# 2011 North American International Auto Show: Audi Perspective



## [email protected] (Apr 9, 2004)

If it’s January then it must be Detroit… and if it’s Detroit then it must be the beginning of another auto show season. Motown has long been a staple on Audi’s auto show calendar and this show has played stage for countless new model and concept car introductions over the years. This time around Audi chose to pull the wraps off of the new Audi A6 and A6 hybrid.

* Full Story *


----------



## QUATTR0 (Dec 1, 2005)

George,

So it looks like we'll get the 3.0T in the fall and maybe the Hybrid and TDI the following year?

Any chance we'll get the wagon as well this fall, now that BMW is bringing the 5 Touring and MB has the new E wagon?


----------



## feels_road (Jan 27, 2005)

George, any news on a TDI Q5?


----------



## [email protected] (Apr 9, 2004)

QUATTR0 said:


> George,
> 
> So it looks like we'll get the 3.0T in the fall and maybe the Hybrid and TDI the following year?
> 
> Any chance we'll get the wagon as well this fall, now that BMW is bringing the 5 Touring and MB has the new E wagon?


I'd bet the Avant will still come but have not heard anything official.
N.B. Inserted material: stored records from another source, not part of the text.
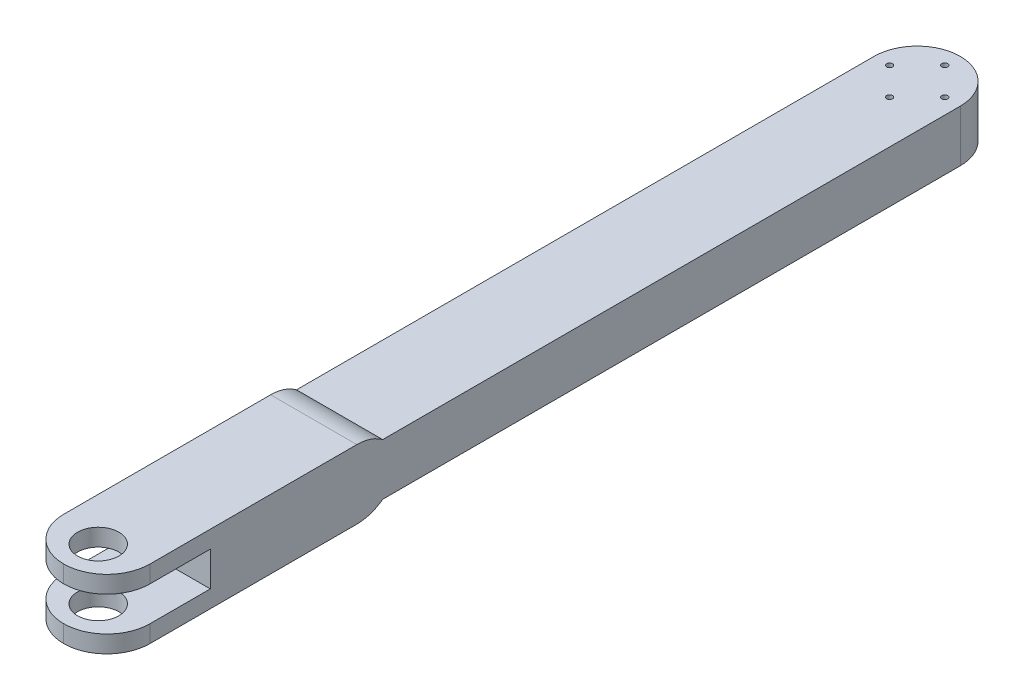
SolidWorks part; units mm, degrees
ref_plane "Plan de face" through (0, 0, 0) normal (0, 0, 1) x (1, 0, 0)
ref_plane "Plan de dessus" through (0, 0, 0) normal (0, 1, 0) x (1, 0, 0)
ref_plane "Plan de droite" through (0, 0, 0) normal (1, 0, 0) x (0, 0, -1)
sketch "Esquisse1" plane through (0, 0, 0) normal (1, 0, 0) x (0, 0, -1)
  line L0 (70, 10) -> (-10, 10)
  line L1 (-10, 10) -> (-10, 5)
  line L2 (70, 10) -> (70, 7.5)
  line L3 (70, 7.5) -> (250, 7.5)
  line L4 (-10, 5) -> (20, 5)
  line L5 (20, 5) -> (20, -5)
  line L6 (250, 7.5) -> (250, -7.5)
  line L7 (11, 0) -> (-11, 0) construction
  line L8 (-10, -5) -> (20, -5)
  line L9 (70, -7.5) -> (250, -7.5)
  line L10 (70, -10) -> (70, -7.5)
  line L11 (-10, -10) -> (-10, -5)
  line L12 (70, -10) -> (-10, -10)
  point P12 (250, 0)
  point P13 (20, 0)
  dimension "10" = 10
  dimension "D2" = 15
  dimension "D3" = 5
  dimension "D4" = 50
  dimension "D5" = 30
  dimension "D6" = 20
  dimension "D7" = 180
extrude "Boss.-Extru.1" add sketch "Esquisse1" along normal mid plane 25
fillet "Congé1" radius 12.5 8 edges at (0, -10, -70) (0, 10, -70) (-12.5, -7.5, 10) (-12.5, 7.5, 10) (12.5, -7.5, 10) (12.5, 7.5, 10) (-12.5, 0, -250) (12.5, 0, -250)
sketch "Esquisse2" plane through (0, 7.5, 0) normal (0, 1, 0) x (1, 0, 0)
  line L0 (-12.5, 237.5) -> (12.5, 237.5) construction
  line L1 (0, 250) -> (0, 226.6844) construction
  arc A0 (0, 250) -> (-12.5, 237.5) centre (0, 237.5) ccw construction
  circle A1 centre (8, 237.5) radius 0.85
  circle A2 centre (0, 245.5) radius 0.85
  circle A3 centre (-8, 237.5) radius 0.85
  circle A4 centre (0, 229.5) radius 0.85
  point P12 (0, 238.3422)
  dimension "D1" = 1.7
  dimension "D2" = 1.7
  dimension "D3" = 8
  dimension "D4" = 8
extrude "Enlèv. mat.-Extru.1" cut sketch "Esquisse2" against normal through all
sketch "Esquisse3" plane through (0, 10, 0) normal (0, 1, 0) x (1, 0, 0)
  circle A0 centre (0, 0) radius 6
  dimension "D1" = 12
extrude "Enlèv. mat.-Extru.2" cut sketch "Esquisse3" against normal through all
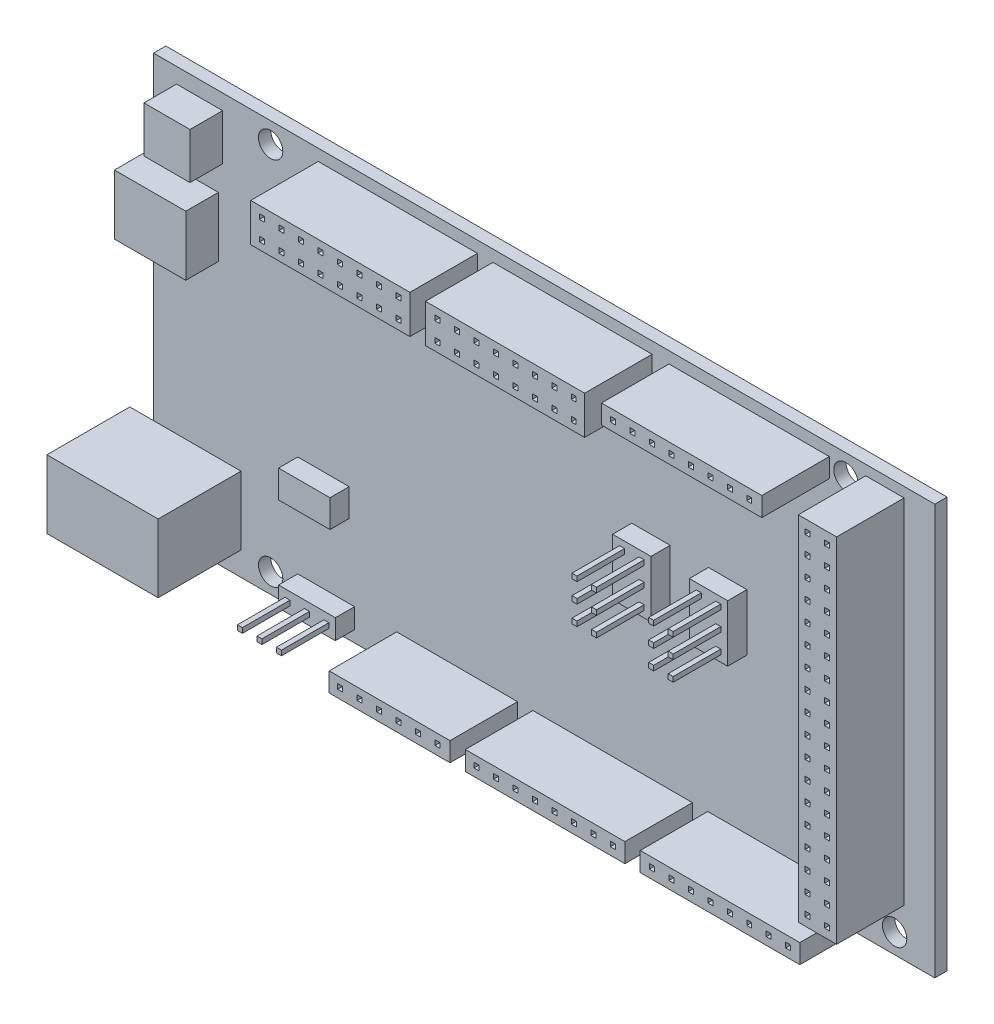
SolidWorks part; units mm, degrees
ref_plane "Front" through (0, 0, 0) normal (0, 0, 1) x (1, 0, 0)
ref_plane "Top" through (0, 0, 0) normal (0, 1, 0) x (1, 0, 0)
ref_plane "Right" through (0, 0, 0) normal (1, 0, 0) x (0, 0, -1)
sketch "sketchmap" plane through (0, 0, 0) normal (0, 0, 1) x (1, 0, 0)
  line L0 (-50.925, 26.75) -> (50.925, -26.75) construction
  line L1 (-50.925, 26.75) -> (50.925, 26.75)
  line L2 (-50.925, 26.75) -> (-50.925, -26.75)
  line L3 (-50.925, -26.75) -> (50.925, -26.75)
  line L4 (50.925, 26.75) -> (50.925, -26.75)
  dimension "D1" = 53.5
  dimension "D2" = 101.85
sketch "Sketch2" plane through (0, 0, 0) normal (0, 0, 1) x (1, 0, 0)
  line L0 (-35.6625, -24.1875) -> (45.6875, -24.1875) construction
  line L1 (-50.925, 26.75) -> (50.925, 26.75)
  line L2 (-50.925, 26.75) -> (-50.925, -26.75)
  line L3 (-50.925, -26.75) -> (50.925, -26.75)
  line L4 (50.925, 26.75) -> (50.925, -26.75)
  line L5 (-35.6625, 24.0625) -> (-35.6625, -24.1875) construction
  line L6 (39.3375, 24.0625) -> (-35.6625, 24.0625) construction
  line L10 (40.925, 24.0625) -> (50.925, 24.0625) construction
  line L11 (39.3375, 25.65) -> (39.3375, 26.75) construction
  circle A0 centre (45.6875, -24.1875) radius 1.5875
  circle A1 centre (-35.6625, -24.1875) radius 1.5875
  circle A2 centre (39.3375, 24.0625) radius 1.5875
  circle A3 centre (-35.6625, 24.0625) radius 1.5875
  dimension "D1" = 3.175
  dimension "D3" = 48.25
  dimension "D5" = 2.6875
  dimension "D4" = 5.2375
  dimension "D2" = 6.35
  dimension "D7" = 10
  dimension "D9" = 75
extrude "base board" add sketch "Sketch2" against normal blind 1.6
sketch "Sketch3" plane through (0, 0, 0) normal (0, 0, 1) x (1, 0, 0)
  line L1 (-29.457, 20.25) -> (-8.707, 20.25)
  line L2 (-29.457, 20.25) -> (-29.457, 25.25)
  line L3 (-29.457, 25.25) -> (-8.707, 25.25)
  line L4 (14.075, 20.25) -> (14.075, 25.25)
  line L5 (-50.925, 26.75) -> (50.925, 26.75) construction
  line L6 (50.925, 26.75) -> (50.925, -26.75) construction
  line L7 (16.275, 22.75) -> (37.175, 22.75)
  line L8 (16.275, 22.75) -> (16.275, 25.25)
  line L9 (16.275, 25.25) -> (37.175, 25.25)
  line L10 (37.175, 22.75) -> (37.175, 25.25)
  line L11 (41.925, 25.45) -> (46.925, 25.45)
  line L12 (41.925, 25.45) -> (41.925, -20.55)
  line L13 (41.925, -20.55) -> (46.925, -20.55)
  line L14 (46.925, 25.45) -> (46.925, -20.55)
  line L15 (-50.925, -26.75) -> (50.925, -26.75) construction
  line L16 (-8.707, 25.25) -> (-8.707, 20.25)
  line L17 (-6.675, 25.25) -> (-6.675, 20.25)
  line L18 (-6.675, 25.25) -> (14.075, 25.25)
  line L19 (-6.675, 20.25) -> (14.075, 20.25)
  line L20 (21.325, -25.25) -> (19.325, -25.25) construction
  line L21 (-19.225, -22.75) -> (-3.475, -22.75)
  line L22 (-19.225, -22.75) -> (-19.225, -25.25)
  line L23 (-19.225, -25.25) -> (-3.475, -25.25)
  line L24 (-3.475, -22.75) -> (-3.475, -25.25)
  line L25 (-1.475, -22.75) -> (19.325, -22.75)
  line L26 (-1.475, -22.75) -> (-1.475, -25.25)
  line L27 (-1.475, -25.25) -> (19.325, -25.25)
  line L28 (19.325, -22.75) -> (19.325, -25.25)
  line L29 (21.325, -22.75) -> (42.125, -22.75)
  line L30 (21.325, -22.75) -> (21.325, -25.25)
  line L31 (21.325, -25.25) -> (42.125, -25.25)
  line L32 (42.125, -22.75) -> (42.125, -25.25)
  line L33 (-3.475, -25.25) -> (-1.475, -25.25) construction
  line L34 (-1.475, -25.25) -> (-1.5179, -25.2056) construction
  line L35 (-50.925, 26.75) -> (-50.925, -26.75) construction
  line L36 (50.925, -26.75) -> (50.925, 26.75) construction
  dimension "D1" = 5
  dimension "D2" = 2.032
  dimension "D3" = 57.6
  dimension "D4" = 1.5
  dimension "D5" = 2.5
  dimension "D6" = 20.9
  dimension "D7" = 2.2
  dimension "D8" = 4
  dimension "D9" = 1.3
  dimension "D10" = 6.2
  dimension "D11" = 46
  dimension "D12" = 20.75
  dimension "D13" = 1.5
  dimension "D14" = 8.8
  dimension "D15" = 20.8
  dimension "D16" = 15.75
  dimension "D17" = 2
  dimension "D18" = 42.218
extrude "headers" add sketch "Sketch3" along normal blind 8.8
sketch "Sketch4" plane through (0, 0, 0) normal (0, 0, 1) x (1, 0, 0)
  line L0 (50.925, 26.75) -> (50.925, -26.75) construction
  line L1 (11.425, 4.85) -> (16.425, 4.85)
  line L2 (11.425, 4.85) -> (11.425, -2.55)
  line L3 (11.425, -2.55) -> (16.425, -2.55)
  line L4 (16.425, 4.85) -> (16.425, -2.55)
  line L5 (21.425, 4.85) -> (26.425, 4.85)
  line L6 (21.425, 4.85) -> (21.425, -2.55)
  line L7 (21.425, -2.55) -> (26.425, -2.55)
  line L8 (26.425, 4.85) -> (26.425, -2.55)
  line L9 (-50.925, 26.75) -> (50.925, 26.75) construction
  line L10 (-19.225, -22.75) -> (-19.225, -25.25) construction
  line L11 (-32.125, -22.65) -> (-24.725, -22.65)
  line L12 (-32.125, -22.65) -> (-32.125, -25.25)
  line L13 (-32.125, -25.25) -> (-24.725, -25.25)
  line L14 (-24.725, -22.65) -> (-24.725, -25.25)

Same goes for those drivetrain setups though your timing would seem to make sense.


----------



## [email protected] (Apr 9, 2004)

feels_road said:


> George, any news on a TDI Q5?


Nothing. I wouldn't count on it. Q5 hybrid should be here late in calendar year 2011.


----------



## acsgp (Aug 27, 2008)

[email protected] said:


> If it’s January then it must be Detroit… and if it’s Detroit then it must be the beginning of another auto show season. Motown has long been a staple on Audi’s auto show calendar and this show has played stage for countless new model and concept car introductions over the years. This time around Audi chose to pull the wraps off of the new Audi A6 and A6 hybrid.
> 
> * Full Story *


man, really liking that colour and titanium trim combination.


----------



## feels_road (Jan 27, 2005)

[email protected] said:


> Nothing. I wouldn't count on it. Q5 hybrid should be here late in calendar year 2011.


Too bad - I am not interested in driving it in the city, and I doubt the hybrid will have the same tow rating. 

Luckily I can still wait a few years.


----------



## TheSandeman (Jan 12, 2011)

im glad they are still keeping the big grille in the front! i like this but the c6 is my favs


----------



## resnone1 (Mar 2, 2006)

Awesome. Would love an ETA on a US avant. As well as an S-line option. Still not crazy about the wood trim (my biggest interior gripe about the current A6).

And George, great job chatting up Johan on Audi's facebook page. Although I wish he (Johan) sounded more like a true enthusiast and less like a marketing schmuck.


----------



## [email protected] (Apr 9, 2004)

resnone1 said:


> Awesome. Would love an ETA on a US avant. As well as an S-line option. Still not crazy about the wood trim (my biggest interior gripe about the current A6).
> 
> And George, great job chatting up Johan on Audi's facebook page. Although I wish he (Johan) sounded more like a true enthusiast and less like a marketing schmuck.


We've spent our fair share of time with the man and we assure you he's an enthusiast. I suspect even when you're president of the company there are pressures to carry a certain level of message when you're on video, especially video being piped live to Audi's 3M Facebook fans. I was actually quite pleased that he offered up a few news nuggets in the interview.

Thanks for the compliment about my performance..


----------